Screening brain sections for fAβ plaques using light microscopy
With the aid of a stereotaxic mouse brain atlas [
44], brain sections containing the ventral hippocampus CA1 (Bregma − 2.75 to − 3.5) were selected and placed into a 24-well plate. Each section was assigned an individual well. Using an ultraviolet filter with a range of 380–480 nm, an inverted Nikon Eclipse TE300 microscope was used to visualize the methoxy-X04 stained plaques at a magnification of × 4. Pictures of the sections were captured both in bright and fluorescent field modes, naming the images according to the sections position into the 24-well plate [
41]. Brain sections from the age-matched controls containing the same level of ventral hippocampus as the Methoxy-X04-labeled sections were selected for comparison.
Human tissue
Hippocampal sections containing the CA1 from two human cases of AD (C-0032, 76 years of age, 24-h post-mortem delay; H-17, 81 years of age, 6-h post-mortem delay) were obtained from the brain bank established at the CERVO Brain Research Center. The two samples are considered typical cases of AD with similar levels of pathology, staged 5 out of 6 on the Braak scale. In the two samples, Bielschowsky staining revealed moderate numbers of fAβ plaques, especially in the parietal and temporal lobes. With regard to the hippocampus, an overall atrophy was noted, together with a moderate number of fAβ plaques. Brain banking and post-mortem tissue handling procedures were approved by the Ethic Committee of the Institut Universitaire en santé mentale de Québec and by Université Laval. Brains were obtained with written consent and the analyses performed in conformity with the Code of Ethics of the World Medical Association (Declaration of Helsinki). Brains were first cut in half along the midline and hemibrains were sliced into 2-cm-thick slabs along the coronal plane. These slabs were fixed by immersion in 4% paraformaldehyde at 4 °C for 3 days. They were stored at 4 °C in PBS (100 mM at pH 7.4) containing 15% sucrose and 0.1% sodium azide. Slabs containing the hippocampus CA1 were cut with a freezing microtome into 50-μm-thick sections that were serially collected in PBS and stored at − 20 °C in a cryoprotectant solution containing glycerol and ethylene glycol until use.
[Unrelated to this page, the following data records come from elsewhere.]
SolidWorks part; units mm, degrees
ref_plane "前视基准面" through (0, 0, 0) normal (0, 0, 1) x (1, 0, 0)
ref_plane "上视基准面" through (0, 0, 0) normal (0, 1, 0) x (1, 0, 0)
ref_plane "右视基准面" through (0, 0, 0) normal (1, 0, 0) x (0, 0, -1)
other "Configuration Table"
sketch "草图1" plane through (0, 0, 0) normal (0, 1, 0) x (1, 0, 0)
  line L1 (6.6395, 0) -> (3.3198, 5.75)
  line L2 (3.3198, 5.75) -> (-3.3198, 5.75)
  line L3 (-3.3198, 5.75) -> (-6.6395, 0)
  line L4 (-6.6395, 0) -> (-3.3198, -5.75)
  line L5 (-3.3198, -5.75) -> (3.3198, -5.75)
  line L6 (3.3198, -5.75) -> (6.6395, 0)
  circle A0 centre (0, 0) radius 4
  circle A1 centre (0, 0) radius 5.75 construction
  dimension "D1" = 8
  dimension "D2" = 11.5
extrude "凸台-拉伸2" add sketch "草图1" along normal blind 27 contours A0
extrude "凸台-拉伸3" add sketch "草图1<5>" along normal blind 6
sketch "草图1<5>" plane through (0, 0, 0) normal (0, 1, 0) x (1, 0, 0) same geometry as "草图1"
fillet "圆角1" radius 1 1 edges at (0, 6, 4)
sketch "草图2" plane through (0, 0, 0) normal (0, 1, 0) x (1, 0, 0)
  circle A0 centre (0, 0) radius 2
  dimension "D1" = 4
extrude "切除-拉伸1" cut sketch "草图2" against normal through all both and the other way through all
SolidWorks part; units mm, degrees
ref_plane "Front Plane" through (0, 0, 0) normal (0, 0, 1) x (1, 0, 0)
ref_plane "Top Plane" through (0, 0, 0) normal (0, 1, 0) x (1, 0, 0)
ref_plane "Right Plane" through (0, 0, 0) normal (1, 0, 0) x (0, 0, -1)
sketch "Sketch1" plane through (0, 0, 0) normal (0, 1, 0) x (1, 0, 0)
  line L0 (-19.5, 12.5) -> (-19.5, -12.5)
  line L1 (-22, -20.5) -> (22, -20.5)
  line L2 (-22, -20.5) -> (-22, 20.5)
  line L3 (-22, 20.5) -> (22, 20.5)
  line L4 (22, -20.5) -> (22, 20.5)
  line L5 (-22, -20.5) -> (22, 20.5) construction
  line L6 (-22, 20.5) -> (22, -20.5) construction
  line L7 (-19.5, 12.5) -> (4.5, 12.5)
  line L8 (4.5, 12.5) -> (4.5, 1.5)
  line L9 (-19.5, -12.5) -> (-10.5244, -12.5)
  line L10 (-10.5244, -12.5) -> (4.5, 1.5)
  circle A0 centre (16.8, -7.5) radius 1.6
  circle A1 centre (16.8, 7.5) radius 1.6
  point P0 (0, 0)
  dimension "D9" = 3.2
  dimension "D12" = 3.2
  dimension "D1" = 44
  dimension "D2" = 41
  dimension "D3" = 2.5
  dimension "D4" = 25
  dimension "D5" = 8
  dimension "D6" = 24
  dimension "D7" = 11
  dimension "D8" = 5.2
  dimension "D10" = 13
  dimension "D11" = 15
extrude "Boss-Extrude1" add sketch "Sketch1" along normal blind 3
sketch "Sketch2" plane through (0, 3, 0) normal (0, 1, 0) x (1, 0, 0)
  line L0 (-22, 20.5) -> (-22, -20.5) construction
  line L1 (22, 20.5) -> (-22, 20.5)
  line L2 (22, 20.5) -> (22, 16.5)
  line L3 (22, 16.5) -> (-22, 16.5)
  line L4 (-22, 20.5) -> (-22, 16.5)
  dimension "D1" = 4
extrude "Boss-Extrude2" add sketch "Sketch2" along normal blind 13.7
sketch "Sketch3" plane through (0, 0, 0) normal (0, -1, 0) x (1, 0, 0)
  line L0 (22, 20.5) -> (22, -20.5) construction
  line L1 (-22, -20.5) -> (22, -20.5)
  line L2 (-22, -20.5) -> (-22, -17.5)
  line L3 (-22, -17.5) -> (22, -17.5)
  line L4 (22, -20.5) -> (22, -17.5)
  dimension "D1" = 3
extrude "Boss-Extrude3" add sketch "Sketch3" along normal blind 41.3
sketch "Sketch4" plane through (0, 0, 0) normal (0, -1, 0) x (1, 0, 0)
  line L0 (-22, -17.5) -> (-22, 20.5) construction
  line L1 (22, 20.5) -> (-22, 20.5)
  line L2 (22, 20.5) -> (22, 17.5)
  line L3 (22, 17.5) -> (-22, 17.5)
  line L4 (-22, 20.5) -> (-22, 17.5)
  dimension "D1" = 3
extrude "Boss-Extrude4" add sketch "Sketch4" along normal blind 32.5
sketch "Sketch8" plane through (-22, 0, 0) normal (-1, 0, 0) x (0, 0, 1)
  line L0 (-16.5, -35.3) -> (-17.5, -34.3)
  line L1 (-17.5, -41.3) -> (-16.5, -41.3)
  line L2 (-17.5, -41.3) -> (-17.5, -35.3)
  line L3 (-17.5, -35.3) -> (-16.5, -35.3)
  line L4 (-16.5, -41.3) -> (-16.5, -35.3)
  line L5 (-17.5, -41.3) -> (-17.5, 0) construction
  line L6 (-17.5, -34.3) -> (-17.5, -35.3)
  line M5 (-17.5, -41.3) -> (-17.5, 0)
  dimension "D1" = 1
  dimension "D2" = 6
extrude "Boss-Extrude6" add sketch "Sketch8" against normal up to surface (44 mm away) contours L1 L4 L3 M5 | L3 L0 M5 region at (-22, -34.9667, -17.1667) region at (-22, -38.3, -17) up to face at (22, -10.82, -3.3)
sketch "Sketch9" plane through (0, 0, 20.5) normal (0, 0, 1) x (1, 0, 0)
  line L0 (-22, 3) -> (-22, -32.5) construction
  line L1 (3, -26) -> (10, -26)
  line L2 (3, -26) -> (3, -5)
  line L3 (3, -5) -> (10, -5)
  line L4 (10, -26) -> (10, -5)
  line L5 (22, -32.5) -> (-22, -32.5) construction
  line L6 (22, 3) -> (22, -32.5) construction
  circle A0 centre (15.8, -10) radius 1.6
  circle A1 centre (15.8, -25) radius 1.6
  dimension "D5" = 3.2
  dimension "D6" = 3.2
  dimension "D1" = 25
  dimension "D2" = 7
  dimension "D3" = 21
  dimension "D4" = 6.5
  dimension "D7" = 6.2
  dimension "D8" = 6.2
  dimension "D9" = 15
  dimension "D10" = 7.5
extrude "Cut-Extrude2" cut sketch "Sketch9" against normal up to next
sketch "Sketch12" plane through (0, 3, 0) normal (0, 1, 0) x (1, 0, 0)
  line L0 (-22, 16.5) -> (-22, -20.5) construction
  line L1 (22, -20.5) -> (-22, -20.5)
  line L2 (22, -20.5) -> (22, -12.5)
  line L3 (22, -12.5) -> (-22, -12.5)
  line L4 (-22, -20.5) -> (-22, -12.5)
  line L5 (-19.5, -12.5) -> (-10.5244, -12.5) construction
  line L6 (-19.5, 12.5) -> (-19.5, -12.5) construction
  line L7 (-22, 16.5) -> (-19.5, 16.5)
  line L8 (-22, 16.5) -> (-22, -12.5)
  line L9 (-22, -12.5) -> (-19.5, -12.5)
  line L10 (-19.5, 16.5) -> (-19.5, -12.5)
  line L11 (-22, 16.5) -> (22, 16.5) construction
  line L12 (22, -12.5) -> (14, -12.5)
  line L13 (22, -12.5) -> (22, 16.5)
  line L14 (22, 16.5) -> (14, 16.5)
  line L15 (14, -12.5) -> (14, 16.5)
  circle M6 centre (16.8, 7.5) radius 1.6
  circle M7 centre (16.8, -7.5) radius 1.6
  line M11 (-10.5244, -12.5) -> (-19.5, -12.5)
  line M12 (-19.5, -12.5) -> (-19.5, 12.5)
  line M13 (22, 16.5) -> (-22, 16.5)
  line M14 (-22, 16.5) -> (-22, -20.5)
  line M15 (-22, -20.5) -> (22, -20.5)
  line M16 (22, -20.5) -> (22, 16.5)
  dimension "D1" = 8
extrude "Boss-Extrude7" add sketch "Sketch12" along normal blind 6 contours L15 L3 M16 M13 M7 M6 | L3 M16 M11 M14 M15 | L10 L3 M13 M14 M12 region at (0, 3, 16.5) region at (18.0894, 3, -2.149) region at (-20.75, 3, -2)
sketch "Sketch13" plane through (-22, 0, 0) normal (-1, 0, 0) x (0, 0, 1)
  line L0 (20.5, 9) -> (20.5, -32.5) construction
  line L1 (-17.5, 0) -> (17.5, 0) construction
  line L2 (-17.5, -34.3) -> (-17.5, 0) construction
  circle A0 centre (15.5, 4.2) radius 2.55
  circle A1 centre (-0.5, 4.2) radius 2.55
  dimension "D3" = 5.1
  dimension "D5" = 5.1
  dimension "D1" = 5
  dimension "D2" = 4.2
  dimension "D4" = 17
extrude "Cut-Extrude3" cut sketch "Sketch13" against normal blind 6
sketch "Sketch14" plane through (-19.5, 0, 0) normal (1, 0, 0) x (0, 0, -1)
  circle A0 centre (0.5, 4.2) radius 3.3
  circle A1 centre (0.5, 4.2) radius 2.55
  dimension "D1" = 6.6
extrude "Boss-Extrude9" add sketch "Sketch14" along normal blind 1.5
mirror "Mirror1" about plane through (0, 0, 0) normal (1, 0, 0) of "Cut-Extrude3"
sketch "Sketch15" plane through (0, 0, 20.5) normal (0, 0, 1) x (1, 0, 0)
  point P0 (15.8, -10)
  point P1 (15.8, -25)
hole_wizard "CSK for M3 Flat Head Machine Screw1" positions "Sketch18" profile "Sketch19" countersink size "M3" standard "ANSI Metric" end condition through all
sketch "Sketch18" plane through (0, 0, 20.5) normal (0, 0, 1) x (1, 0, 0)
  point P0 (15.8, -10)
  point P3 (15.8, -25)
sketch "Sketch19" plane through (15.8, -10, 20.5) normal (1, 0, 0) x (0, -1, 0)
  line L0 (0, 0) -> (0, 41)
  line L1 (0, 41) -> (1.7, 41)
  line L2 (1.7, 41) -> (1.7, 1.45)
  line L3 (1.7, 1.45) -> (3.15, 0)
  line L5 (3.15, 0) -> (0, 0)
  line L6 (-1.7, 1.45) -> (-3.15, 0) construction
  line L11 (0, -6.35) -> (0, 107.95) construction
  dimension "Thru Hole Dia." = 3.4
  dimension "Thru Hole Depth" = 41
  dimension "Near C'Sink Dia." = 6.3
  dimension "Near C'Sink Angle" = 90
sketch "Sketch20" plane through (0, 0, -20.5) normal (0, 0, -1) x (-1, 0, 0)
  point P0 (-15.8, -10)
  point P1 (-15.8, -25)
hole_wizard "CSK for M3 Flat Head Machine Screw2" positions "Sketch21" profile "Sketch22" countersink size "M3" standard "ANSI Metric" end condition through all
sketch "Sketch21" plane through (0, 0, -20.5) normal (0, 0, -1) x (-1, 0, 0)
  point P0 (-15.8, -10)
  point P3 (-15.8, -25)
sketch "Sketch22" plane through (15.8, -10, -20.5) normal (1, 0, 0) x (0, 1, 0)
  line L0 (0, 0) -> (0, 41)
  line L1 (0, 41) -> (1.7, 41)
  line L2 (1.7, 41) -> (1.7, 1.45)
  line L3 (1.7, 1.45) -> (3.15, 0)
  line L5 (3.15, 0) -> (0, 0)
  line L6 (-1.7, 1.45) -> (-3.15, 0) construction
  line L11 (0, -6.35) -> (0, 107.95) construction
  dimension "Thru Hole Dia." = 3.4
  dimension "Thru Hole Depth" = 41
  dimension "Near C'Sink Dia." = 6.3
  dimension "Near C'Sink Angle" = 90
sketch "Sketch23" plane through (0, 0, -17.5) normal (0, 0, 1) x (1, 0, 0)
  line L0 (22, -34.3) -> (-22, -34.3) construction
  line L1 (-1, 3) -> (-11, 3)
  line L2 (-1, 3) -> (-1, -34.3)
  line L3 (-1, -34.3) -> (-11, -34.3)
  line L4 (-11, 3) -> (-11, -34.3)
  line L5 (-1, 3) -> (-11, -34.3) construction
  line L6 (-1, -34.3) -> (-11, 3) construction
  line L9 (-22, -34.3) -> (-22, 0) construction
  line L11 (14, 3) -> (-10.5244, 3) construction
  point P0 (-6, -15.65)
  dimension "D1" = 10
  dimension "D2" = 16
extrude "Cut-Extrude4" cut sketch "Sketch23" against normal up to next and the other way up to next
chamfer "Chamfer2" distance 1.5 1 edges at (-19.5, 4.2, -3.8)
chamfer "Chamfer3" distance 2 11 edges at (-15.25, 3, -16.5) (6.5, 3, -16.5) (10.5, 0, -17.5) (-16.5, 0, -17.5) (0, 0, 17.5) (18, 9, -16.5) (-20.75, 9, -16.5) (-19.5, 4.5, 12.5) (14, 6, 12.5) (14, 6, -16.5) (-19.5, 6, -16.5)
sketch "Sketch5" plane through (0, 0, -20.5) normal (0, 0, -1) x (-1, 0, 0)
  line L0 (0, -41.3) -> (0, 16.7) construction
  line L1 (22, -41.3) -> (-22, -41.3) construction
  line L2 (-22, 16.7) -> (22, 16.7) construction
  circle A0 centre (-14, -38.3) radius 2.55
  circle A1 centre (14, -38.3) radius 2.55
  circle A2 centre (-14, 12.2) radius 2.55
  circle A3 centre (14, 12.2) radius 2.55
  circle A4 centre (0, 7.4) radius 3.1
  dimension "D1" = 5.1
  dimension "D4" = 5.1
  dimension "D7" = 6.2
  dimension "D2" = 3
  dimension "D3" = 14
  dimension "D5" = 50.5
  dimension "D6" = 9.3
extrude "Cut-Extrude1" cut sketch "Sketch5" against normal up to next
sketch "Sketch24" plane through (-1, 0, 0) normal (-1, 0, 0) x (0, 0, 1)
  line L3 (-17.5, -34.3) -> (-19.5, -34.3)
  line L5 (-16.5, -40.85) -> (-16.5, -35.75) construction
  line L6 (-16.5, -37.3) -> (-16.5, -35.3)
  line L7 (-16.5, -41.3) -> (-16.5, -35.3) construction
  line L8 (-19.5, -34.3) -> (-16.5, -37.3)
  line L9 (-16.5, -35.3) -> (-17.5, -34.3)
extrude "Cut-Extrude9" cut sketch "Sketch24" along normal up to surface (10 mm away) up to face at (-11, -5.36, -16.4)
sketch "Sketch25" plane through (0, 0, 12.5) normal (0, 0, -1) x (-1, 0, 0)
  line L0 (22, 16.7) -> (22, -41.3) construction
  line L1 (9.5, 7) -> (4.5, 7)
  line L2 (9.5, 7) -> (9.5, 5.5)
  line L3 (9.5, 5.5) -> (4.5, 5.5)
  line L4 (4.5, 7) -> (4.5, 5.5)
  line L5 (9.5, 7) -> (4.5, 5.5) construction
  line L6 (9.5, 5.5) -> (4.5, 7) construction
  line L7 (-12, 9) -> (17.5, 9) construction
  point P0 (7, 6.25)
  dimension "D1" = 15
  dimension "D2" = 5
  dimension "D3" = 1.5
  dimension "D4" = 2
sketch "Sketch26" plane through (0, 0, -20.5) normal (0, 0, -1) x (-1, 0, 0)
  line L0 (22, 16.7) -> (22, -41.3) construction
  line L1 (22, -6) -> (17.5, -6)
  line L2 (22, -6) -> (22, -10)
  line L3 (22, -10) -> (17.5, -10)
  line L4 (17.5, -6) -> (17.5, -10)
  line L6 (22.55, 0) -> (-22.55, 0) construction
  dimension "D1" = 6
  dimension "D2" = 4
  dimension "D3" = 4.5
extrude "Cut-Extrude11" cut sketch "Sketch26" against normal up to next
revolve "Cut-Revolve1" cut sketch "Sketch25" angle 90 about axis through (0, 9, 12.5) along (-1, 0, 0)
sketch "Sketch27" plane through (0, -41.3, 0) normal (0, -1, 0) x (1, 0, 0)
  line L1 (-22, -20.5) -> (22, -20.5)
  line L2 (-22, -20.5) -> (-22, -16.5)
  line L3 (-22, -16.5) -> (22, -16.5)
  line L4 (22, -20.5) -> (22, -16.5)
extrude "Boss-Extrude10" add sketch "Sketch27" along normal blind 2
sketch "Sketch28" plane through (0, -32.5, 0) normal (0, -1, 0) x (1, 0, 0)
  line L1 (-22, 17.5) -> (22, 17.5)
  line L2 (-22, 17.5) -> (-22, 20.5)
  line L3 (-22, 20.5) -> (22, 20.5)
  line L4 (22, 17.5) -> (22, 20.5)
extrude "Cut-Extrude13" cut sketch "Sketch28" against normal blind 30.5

Brain sections immunostaining and processing for electron microscopy
Hippocampal sections from the human cases, wild-type littermate controls, and APP
Swe-PS1Δe9 mice containing Aβ plaques in the CA1 were selected for immunohistochemical (immuno)EM staining. They were washed in PBS, quenched with 0.3% hydrogen peroxide (H
2O
2) in PBS, and washed again. Sections were then incubated with 0.1% solution of NaBH
4 for 30 min at room temperature (RT). After several washes, sections were incubated in a blocking buffer of Tris-buffered saline (TBS; 50 mM at pH 8.0) containing 10% fetal bovine serum, 3% bovine serum albumin, and 0.01% Triton X100 for 2 h at RT. Sections were incubated overnight at 4 °C in rabbit anti-ionized calcium binding adaptor molecule 1 (IBA1) antibody (1:1000 in blocking solution; Wako Pure Chemical Industries) and rinsed in TBS. The sections were afterwards incubated for 1.5 h in goat anti-rabbit IgGs conjugated to biotin (1:200 in TBS; Jackson Immunoresearch) and 1 h in the ABC Vectastain system kit (1:100 in TBS; Vector Laboratories) for immunoperoxidase staining. The staining was revealed using diaminobenzidine (DAB; 0.05%) and H
2O
2 (0.015%) in TBS for 8 min. Sections were post-fixed flat in 1% osmium tetroxide in PB for 30 min and dehydrated in increasing concentrations of ethanol, immersed in propylene oxide, impregnated in Durcupan resin (Electron Microscopy Sciences; EMS) overnight at RT, and polymerized between ACLAR films (EMS) at 55 °C for 72 h. Areas of interest were excised from the embedded sections, glued to resin blocks [
41], and sectioned at 70–80 nm using a Leica UC7 ultramicrotome.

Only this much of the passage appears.